### [DIRECTIONS FOR THIS TASK]
Write out, from the entries below, exactly the lines that run between the lines holding "#268=AXIS2_PLACEMENT_3D('',#265,#266,#267);" and "#274=VECTOR('',#273,1.);", inclusive, and stop there.

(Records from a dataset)
________________
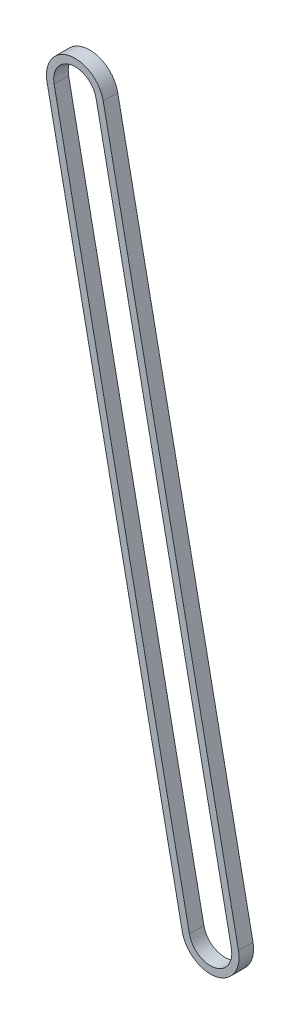
ISO-10303-21;
HEADER;
FILE_DESCRIPTION(('STEP AP214'),'2;1');
FILE_NAME('part.step','',(''),(''),'','','');
FILE_SCHEMA(('AUTOMOTIVE_DESIGN { 1 0 10303 214 1 1 1 1 }'));
ENDSEC;
DATA;
#1=APPLICATION_CONTEXT('core data for automotive mechanical design processes');
#2=APPLICATION_PROTOCOL_DEFINITION('international standard','automotive_design',2000,#1);
#3=PRODUCT_CONTEXT('',#1,'mechanical');
#4=PRODUCT('Part','Part','',(#3));
#5=PRODUCT_RELATED_PRODUCT_CATEGORY('part','',(#4));
#6=PRODUCT_DEFINITION_FORMATION('','',#4);
#7=PRODUCT_DEFINITION_CONTEXT('part definition',#1,'design');
#8=PRODUCT_DEFINITION('design','',#6,#7);
#9=PRODUCT_DEFINITION_SHAPE('','',#8);
#10=(LENGTH_UNIT() NAMED_UNIT(*) SI_UNIT(.MILLI.,.METRE.));
#11=(NAMED_UNIT(*) PLANE_ANGLE_UNIT() SI_UNIT($,.RADIAN.));
#12=(NAMED_UNIT(*) SI_UNIT($,.STERADIAN.) SOLID_ANGLE_UNIT());
#13=UNCERTAINTY_MEASURE_WITH_UNIT(LENGTH_MEASURE(1.E-05),#10,'distance_accuracy_value','');
#14=(GEOMETRIC_REPRESENTATION_CONTEXT(3) GLOBAL_UNCERTAINTY_ASSIGNED_CONTEXT((#13)) GLOBAL_UNIT_ASSIGNED_CONTEXT((#10,
#11,#12)) REPRESENTATION_CONTEXT('',''));
#15=CARTESIAN_POINT('',(0.,0.,0.));
#16=DIRECTION('',(0.,0.,1.));
#17=DIRECTION('',(1.,0.,0.));
#18=AXIS2_PLACEMENT_3D('',#15,#16,#17);
#19=CARTESIAN_POINT('',(0.,0.,4.));
#20=DIRECTION('',(0.,0.,-1.));
#21=DIRECTION('',(-1.,0.,0.));
#22=AXIS2_PLACEMENT_3D('',#19,#20,#21);
#23=CYLINDRICAL_SURFACE('',#22,7.9);
#24=CARTESIAN_POINT('',(0.,0.,0.));
#25=DIRECTION('',(0.,0.,1.));
#26=DIRECTION('',(1.,0.,0.));
#27=AXIS2_PLACEMENT_3D('',#24,#25,#26);
#28=CIRCLE('',#27,7.9);
#29=CARTESIAN_POINT('',(7.74297477721074,1.5672720247227,0.));
#30=VERTEX_POINT('',#29);
#31=CARTESIAN_POINT('',(-7.74297477721074,-1.56727202472271,0.));
#32=VERTEX_POINT('',#31);
#33=EDGE_CURVE('E132',#30,#32,#28,.T.);
#34=ORIENTED_EDGE('',*,*,#33,.T.);
#35=DIRECTION('',(0.,0.,-1.));
#36=VECTOR('',#35,1.);
#37=CARTESIAN_POINT('',(-7.74297477721074,-1.56727202472271,4.));
#38=LINE('',#37,#36);
#39=CARTESIAN_POINT('',(-7.74297477721074,-1.56727202472271,4.));
#40=VERTEX_POINT('',#39);
#41=EDGE_CURVE('E11',#40,#32,#38,.T.);
#42=ORIENTED_EDGE('',*,*,#41,.F.);
#43=CARTESIAN_POINT('',(0.,0.,4.));
#44=DIRECTION('',(0.,0.,1.));
#45=DIRECTION('',(1.,0.,0.));
#46=AXIS2_PLACEMENT_3D('',#43,#44,#45);
#47=CIRCLE('',#46,7.9);
#48=CARTESIAN_POINT('',(7.74297477721074,1.5672720247227,4.));
#49=VERTEX_POINT('',#48);
#50=EDGE_CURVE('E136',#49,#40,#47,.T.);
#51=ORIENTED_EDGE('',*,*,#50,.F.);
#52=DIRECTION('',(0.,0.,-1.));
#53=VECTOR('',#52,1.);
#54=CARTESIAN_POINT('',(7.74297477721074,1.5672720247227,4.));
#55=LINE('',#54,#53);
#56=EDGE_CURVE('E146',#49,#30,#55,.T.);
#57=ORIENTED_EDGE('',*,*,#56,.T.);
#58=EDGE_LOOP('',(#34,#42,#51,#57));
#59=FACE_BOUND('',#58,.T.);
#60=ADVANCED_FACE('F35',(#59),#23,.T.);
#61=CARTESIAN_POINT('',(-7.74297477721074,-1.56727202472271,4.));
#62=DIRECTION('',(0.980123389520346,0.19838886388895,0.));
#63=DIRECTION('',(-0.19838886388895,0.980123389520346,0.));
#64=AXIS2_PLACEMENT_3D('',#61,#62,#63);
#65=PLANE('',#64);
#66=DIRECTION('',(0.19838886388895,-0.980123389520346,0.));
#67=VECTOR('',#66,1.);
#68=CARTESIAN_POINT('',(-7.74297477721074,-1.56727202472271,0.));
#69=LINE('',#68,#67);
#70=CARTESIAN_POINT('',(29.5030484530667,-185.578097123492,0.));
#71=VERTEX_POINT('',#70);
#72=EDGE_CURVE('E149',#32,#71,#69,.T.);
#73=ORIENTED_EDGE('',*,*,#72,.T.);
#74=DIRECTION('',(0.,0.,-1.));
#75=VECTOR('',#74,1.);
#76=CARTESIAN_POINT('',(29.5030484530667,-185.578097123492,4.));
#77=LINE('',#76,#75);
#78=CARTESIAN_POINT('',(29.5030484530667,-185.578097123492,4.));
#79=VERTEX_POINT('',#78);
#80=EDGE_CURVE('E42',#79,#71,#77,.T.);
#81=ORIENTED_EDGE('',*,*,#80,.F.);
#82=DIRECTION('',(0.19838886388895,-0.980123389520346,0.));
#83=VECTOR('',#82,1.);
#84=CARTESIAN_POINT('',(-7.74297477721074,-1.56727202472271,4.));
#85=LINE('',#84,#83);
#86=EDGE_CURVE('E139',#40,#79,#85,.T.);
#87=ORIENTED_EDGE('',*,*,#86,.F.);
#88=ORIENTED_EDGE('',*,*,#41,.T.);
#89=EDGE_LOOP('',(#73,#81,#87,#88));
#90=FACE_BOUND('',#89,.T.);
#91=ADVANCED_FACE('F177',(#90),#65,.F.);
#92=CARTESIAN_POINT('',(37.2460232302775,-184.010825098769,4.));
#93=DIRECTION('',(0.,0.,-1.));
#94=DIRECTION('',(-1.,0.,0.));
#95=AXIS2_PLACEMENT_3D('',#92,#93,#94);
#96=CYLINDRICAL_SURFACE('',#95,7.90000000000001);
#97=CARTESIAN_POINT('',(37.2460232302775,-184.010825098769,0.));
#98=DIRECTION('',(0.,0.,1.));
#99=DIRECTION('',(1.,0.,0.));
#100=AXIS2_PLACEMENT_3D('',#97,#98,#99);
#101=CIRCLE('',#100,7.90000000000001);
#102=CARTESIAN_POINT('',(44.9889980074882,-182.443553074046,0.));
#103=VERTEX_POINT('',#102);
#104=EDGE_CURVE('E151',#71,#103,#101,.T.);
#105=ORIENTED_EDGE('',*,*,#104,.T.);
#106=DIRECTION('',(0.,0.,-1.));
#107=VECTOR('',#106,1.);
#108=CARTESIAN_POINT('',(44.9889980074882,-182.443553074046,4.));
#109=LINE('',#108,#107);
#110=CARTESIAN_POINT('',(44.9889980074882,-182.443553074046,4.));
#111=VERTEX_POINT('',#110);
#112=EDGE_CURVE('E156',#111,#103,#109,.T.);
#113=ORIENTED_EDGE('',*,*,#112,.F.);
#114=CARTESIAN_POINT('',(37.2460232302775,-184.010825098769,4.));
#115=DIRECTION('',(0.,0.,1.));
#116=DIRECTION('',(1.,0.,0.));
#117=AXIS2_PLACEMENT_3D('',#114,#115,#116);
#118=CIRCLE('',#117,7.90000000000001);
#119=EDGE_CURVE('E142',#79,#111,#118,.T.);
#120=ORIENTED_EDGE('',*,*,#119,.F.);
#121=ORIENTED_EDGE('',*,*,#80,.T.);
#122=EDGE_LOOP('',(#105,#113,#120,#121));
#123=FACE_BOUND('',#122,.T.);
#124=ADVANCED_FACE('F163',(#123),#96,.T.);
#125=CARTESIAN_POINT('',(44.9889980074882,-182.443553074046,4.));
#126=DIRECTION('',(-0.980123389520346,-0.19838886388895,0.));
#127=DIRECTION('',(0.19838886388895,-0.980123389520346,0.));
#128=AXIS2_PLACEMENT_3D('',#125,#126,#127);
#129=PLANE('',#128);
#130=DIRECTION('',(-0.19838886388895,0.980123389520346,0.));
#131=VECTOR('',#130,1.);
#132=CARTESIAN_POINT('',(44.9889980074882,-182.443553074046,0.));
#133=LINE('',#132,#131);
#134=EDGE_CURVE('E140',#103,#30,#133,.T.);
#135=ORIENTED_EDGE('',*,*,#134,.T.);
#136=ORIENTED_EDGE('',*,*,#56,.F.);
#137=DIRECTION('',(-0.19838886388895,0.980123389520346,0.));
#138=VECTOR('',#137,1.);
#139=CARTESIAN_POINT('',(44.9889980074882,-182.443553074046,4.));
#140=LINE('',#139,#138);
#141=EDGE_CURVE('E144',#111,#49,#140,.T.);
#142=ORIENTED_EDGE('',*,*,#141,.F.);
#143=ORIENTED_EDGE('',*,*,#112,.T.);
#144=EDGE_LOOP('',(#135,#136,#142,#143));
#145=FACE_BOUND('',#144,.T.);
#146=ADVANCED_FACE('F170',(#145),#129,.F.);
#147=CARTESIAN_POINT('',(0.,0.,4.));
#148=DIRECTION('',(0.,0.,1.));
#149=DIRECTION('',(1.,0.,0.));
#150=AXIS2_PLACEMENT_3D('',#147,#148,#149);
#151=PLANE('',#150);
#152=CARTESIAN_POINT('',(37.2460232302775,-184.010825098769,4.));
#153=DIRECTION('',(0.,0.,1.));
#154=DIRECTION('',(1.,0.,0.));
#155=AXIS2_PLACEMENT_3D('',#152,#153,#154);
#156=CIRCLE('',#155,5.90000000000001);
#157=CARTESIAN_POINT('',(31.4632952321074,-185.181319395714,4.));
#158=VERTEX_POINT('',#157);
#159=CARTESIAN_POINT('',(43.0287512284475,-182.840330801824,4.));
#160=VERTEX_POINT('',#159);
#161=EDGE_CURVE('E49',#158,#160,#156,.T.);
#162=ORIENTED_EDGE('',*,*,#161,.F.);
#163=DIRECTION('',(0.19838886388895,-0.980123389520346,0.));
#164=VECTOR('',#163,1.);
#165=CARTESIAN_POINT('',(-5.78272799817004,-1.17049429694481,4.));
#166=LINE('',#165,#164);
#167=CARTESIAN_POINT('',(-5.78272799817004,-1.17049429694481,4.));
#168=VERTEX_POINT('',#167);
#169=EDGE_CURVE('E117',#168,#158,#166,.T.);
#170=ORIENTED_EDGE('',*,*,#169,.F.);
#171=CARTESIAN_POINT('',(0.,0.,4.));
#172=DIRECTION('',(0.,0.,1.));
#173=DIRECTION('',(1.,0.,0.));
#174=AXIS2_PLACEMENT_3D('',#171,#172,#173);
#175=CIRCLE('',#174,5.9);
#176=CARTESIAN_POINT('',(5.78272799817004,1.17049429694482,4.));
#177=VERTEX_POINT('',#176);
#178=EDGE_CURVE('E120',#177,#168,#175,.T.);
#179=ORIENTED_EDGE('',*,*,#178,.F.);
#180=DIRECTION('',(-0.19838886388895,0.980123389520346,0.));
#181=VECTOR('',#180,1.);
#182=CARTESIAN_POINT('',(43.0287512284475,-182.840330801824,4.));
#183=LINE('',#182,#181);
#184=EDGE_CURVE('E126',#160,#177,#183,.T.);
#185=ORIENTED_EDGE('',*,*,#184,.F.);
#186=EDGE_LOOP('',(#162,#170,#179,#185));
#187=FACE_BOUND('',#186,.T.);
#188=ORIENTED_EDGE('',*,*,#50,.T.);
#189=ORIENTED_EDGE('',*,*,#86,.T.);
#190=ORIENTED_EDGE('',*,*,#119,.T.);
#191=ORIENTED_EDGE('',*,*,#141,.T.);
#192=EDGE_LOOP('',(#188,#189,#190,#191));
#193=FACE_BOUND('',#192,.T.);
#194=ADVANCED_FACE('F176',(#187,#193),#151,.T.);
#195=CARTESIAN_POINT('',(0.,0.,0.));
#196=DIRECTION('',(0.,0.,1.));
#197=DIRECTION('',(1.,0.,0.));
#198=AXIS2_PLACEMENT_3D('',#195,#196,#197);
#199=PLANE('',#198);
#200=DIRECTION('',(0.19838886388895,-0.980123389520346,0.));
#201=VECTOR('',#200,1.);
#202=CARTESIAN_POINT('',(-5.78272799817004,-1.17049429694481,0.));
#203=LINE('',#202,#201);
#204=CARTESIAN_POINT('',(-5.78272799817004,-1.17049429694481,0.));
#205=VERTEX_POINT('',#204);
#206=CARTESIAN_POINT('',(31.4632952321074,-185.181319395714,0.));
#207=VERTEX_POINT('',#206);
#208=EDGE_CURVE('E107',#205,#207,#203,.T.);
#209=ORIENTED_EDGE('',*,*,#208,.T.);
#210=CARTESIAN_POINT('',(37.2460232302775,-184.010825098769,0.));
#211=DIRECTION('',(0.,0.,1.));
#212=DIRECTION('',(1.,0.,0.));
#213=AXIS2_PLACEMENT_3D('',#210,#211,#212);
#214=CIRCLE('',#213,5.90000000000001);
#215=CARTESIAN_POINT('',(43.0287512284475,-182.840330801824,0.));
#216=VERTEX_POINT('',#215);
#217=EDGE_CURVE('E101',#207,#216,#214,.T.);
#218=ORIENTED_EDGE('',*,*,#217,.T.);
#219=DIRECTION('',(-0.19838886388895,0.980123389520346,0.));
#220=VECTOR('',#219,1.);
#221=CARTESIAN_POINT('',(43.0287512284475,-182.840330801824,0.));
#222=LINE('',#221,#220);
#223=CARTESIAN_POINT('',(5.78272799817003,1.17049429694482,0.));
#224=VERTEX_POINT('',#223);
#225=EDGE_CURVE('E110',#216,#224,#222,.T.);
#226=ORIENTED_EDGE('',*,*,#225,.T.);
#227=CARTESIAN_POINT('',(0.,0.,0.));
#228=DIRECTION('',(0.,0.,1.));
#229=DIRECTION('',(1.,0.,0.));
#230=AXIS2_PLACEMENT_3D('',#227,#228,#229);
#231=CIRCLE('',#230,5.9);
#232=EDGE_CURVE('E57',#224,#205,#231,.T.);
#233=ORIENTED_EDGE('',*,*,#232,.T.);
#234=EDGE_LOOP('',(#209,#218,#226,#233));
#235=FACE_BOUND('',#234,.T.);
#236=ORIENTED_EDGE('',*,*,#33,.F.);
#237=ORIENTED_EDGE('',*,*,#134,.F.);
#238=ORIENTED_EDGE('',*,*,#104,.F.);
#239=ORIENTED_EDGE('',*,*,#72,.F.);
#240=EDGE_LOOP('',(#236,#237,#238,#239));
#241=FACE_BOUND('',#240,.T.);
#242=ADVANCED_FACE('F114',(#235,#241),#199,.F.);
#243=CARTESIAN_POINT('',(37.2460232302775,-184.010825098769,0.));
#244=DIRECTION('',(0.,0.,1.));
#245=DIRECTION('',(1.,0.,0.));
#246=AXIS2_PLACEMENT_3D('',#243,#244,#245);
#247=CYLINDRICAL_SURFACE('',#246,5.90000000000001);
#248=ORIENTED_EDGE('',*,*,#161,.T.);
#249=DIRECTION('',(0.,0.,1.));
#250=VECTOR('',#249,1.);
#251=CARTESIAN_POINT('',(43.0287512284475,-182.840330801824,0.));
#252=LINE('',#251,#250);
#253=EDGE_CURVE('E97',#216,#160,#252,.T.);
#254=ORIENTED_EDGE('',*,*,#253,.F.);
#255=ORIENTED_EDGE('',*,*,#217,.F.);
#256=DIRECTION('',(0.,0.,1.));
#257=VECTOR('',#256,1.);
#258=CARTESIAN_POINT('',(31.4632952321074,-185.181319395714,0.));
#259=LINE('',#258,#257);
#260=EDGE_CURVE('E130',#207,#158,#259,.T.);
#261=ORIENTED_EDGE('',*,*,#260,.T.);
#262=EDGE_LOOP('',(#248,#254,#255,#261));
#263=FACE_BOUND('',#262,.T.);
#264=ADVANCED_FACE('F99',(#263),#247,.F.);
#265=CARTESIAN_POINT('',(-5.78272799817004,-1.17049429694481,0.));
#266=DIRECTION('',(-0.980123389520346,-0.19838886388895,0.));
#267=DIRECTION('',(0.19838886388895,-0.980123389520346,0.));
#268=AXIS2_PLACEMENT_3D('',#265,#266,#267);
#269=PLANE('',#268);
#270=ORIENTED_EDGE('',*,*,#169,.T.);
#271=ORIENTED_EDGE('',*,*,#260,.F.);
#272=ORIENTED_EDGE('',*,*,#208,.F.);
#273=DIRECTION('',(0.,0.,1.));
#274=VECTOR('',#273,1.);
#275=CARTESIAN_POINT('',(-5.78272799817004,-1.17049429694481,0.));
#276=LINE('',#275,#274);
#277=EDGE_CURVE('E133',#205,#168,#276,.T.);
#278=ORIENTED_EDGE('',*,*,#277,.T.);
#279=EDGE_LOOP('',(#270,#271,#272,#278));
#280=FACE_BOUND('',#279,.T.);
#281=ADVANCED_FACE('F194',(#280),#269,.F.);
#282=CARTESIAN_POINT('',(0.,0.,0.));
#283=DIRECTION('',(0.,0.,1.));
#284=DIRECTION('',(1.,0.,0.));
#285=AXIS2_PLACEMENT_3D('',#282,#283,#284);
#286=CYLINDRICAL_SURFACE('',#285,5.9);
#287=ORIENTED_EDGE('',*,*,#178,.T.);
#288=ORIENTED_EDGE('',*,*,#277,.F.);
#289=ORIENTED_EDGE('',*,*,#232,.F.);
#290=DIRECTION('',(0.,0.,1.));
#291=VECTOR('',#290,1.);
#292=CARTESIAN_POINT('',(5.78272799817004,1.17049429694482,0.));
#293=LINE('',#292,#291);
#294=EDGE_CURVE('E106',#224,#177,#293,.T.);
#295=ORIENTED_EDGE('',*,*,#294,.T.);
#296=EDGE_LOOP('',(#287,#288,#289,#295));
#297=FACE_BOUND('',#296,.T.);
#298=ADVANCED_FACE('F197',(#297),#286,.F.);
#299=CARTESIAN_POINT('',(43.0287512284475,-182.840330801824,0.));
#300=DIRECTION('',(0.980123389520346,0.19838886388895,0.));
#301=DIRECTION('',(-0.19838886388895,0.980123389520346,0.));
#302=AXIS2_PLACEMENT_3D('',#299,#300,#301);
#303=PLANE('',#302);
#304=ORIENTED_EDGE('',*,*,#184,.T.);
#305=ORIENTED_EDGE('',*,*,#294,.F.);
#306=ORIENTED_EDGE('',*,*,#225,.F.);
#307=ORIENTED_EDGE('',*,*,#253,.T.);
#308=EDGE_LOOP('',(#304,#305,#306,#307));
#309=FACE_BOUND('',#308,.T.);
#310=ADVANCED_FACE('F111',(#309),#303,.F.);
#311=CLOSED_SHELL('',(#60,#91,#124,#146,#194,#242,#264,#281,#298,#310));
#312=MANIFOLD_SOLID_BREP('B2',#311);
#313=ADVANCED_BREP_SHAPE_REPRESENTATION('',(#18,#312),#14);
#314=SHAPE_DEFINITION_REPRESENTATION(#9,#313);
ENDSEC;
END-ISO-10303-21;
________________
### [SOLUTION BELOW]
#268=AXIS2_PLACEMENT_3D('',#265,#266,#267);
#269=PLANE('',#268);
#270=ORIENTED_EDGE('',*,*,#169,.T.);
#271=ORIENTED_EDGE('',*,*,#260,.F.);
#272=ORIENTED_EDGE('',*,*,#208,.F.);
#273=DIRECTION('',(0.,0.,1.));
#274=VECTOR('',#273,1.);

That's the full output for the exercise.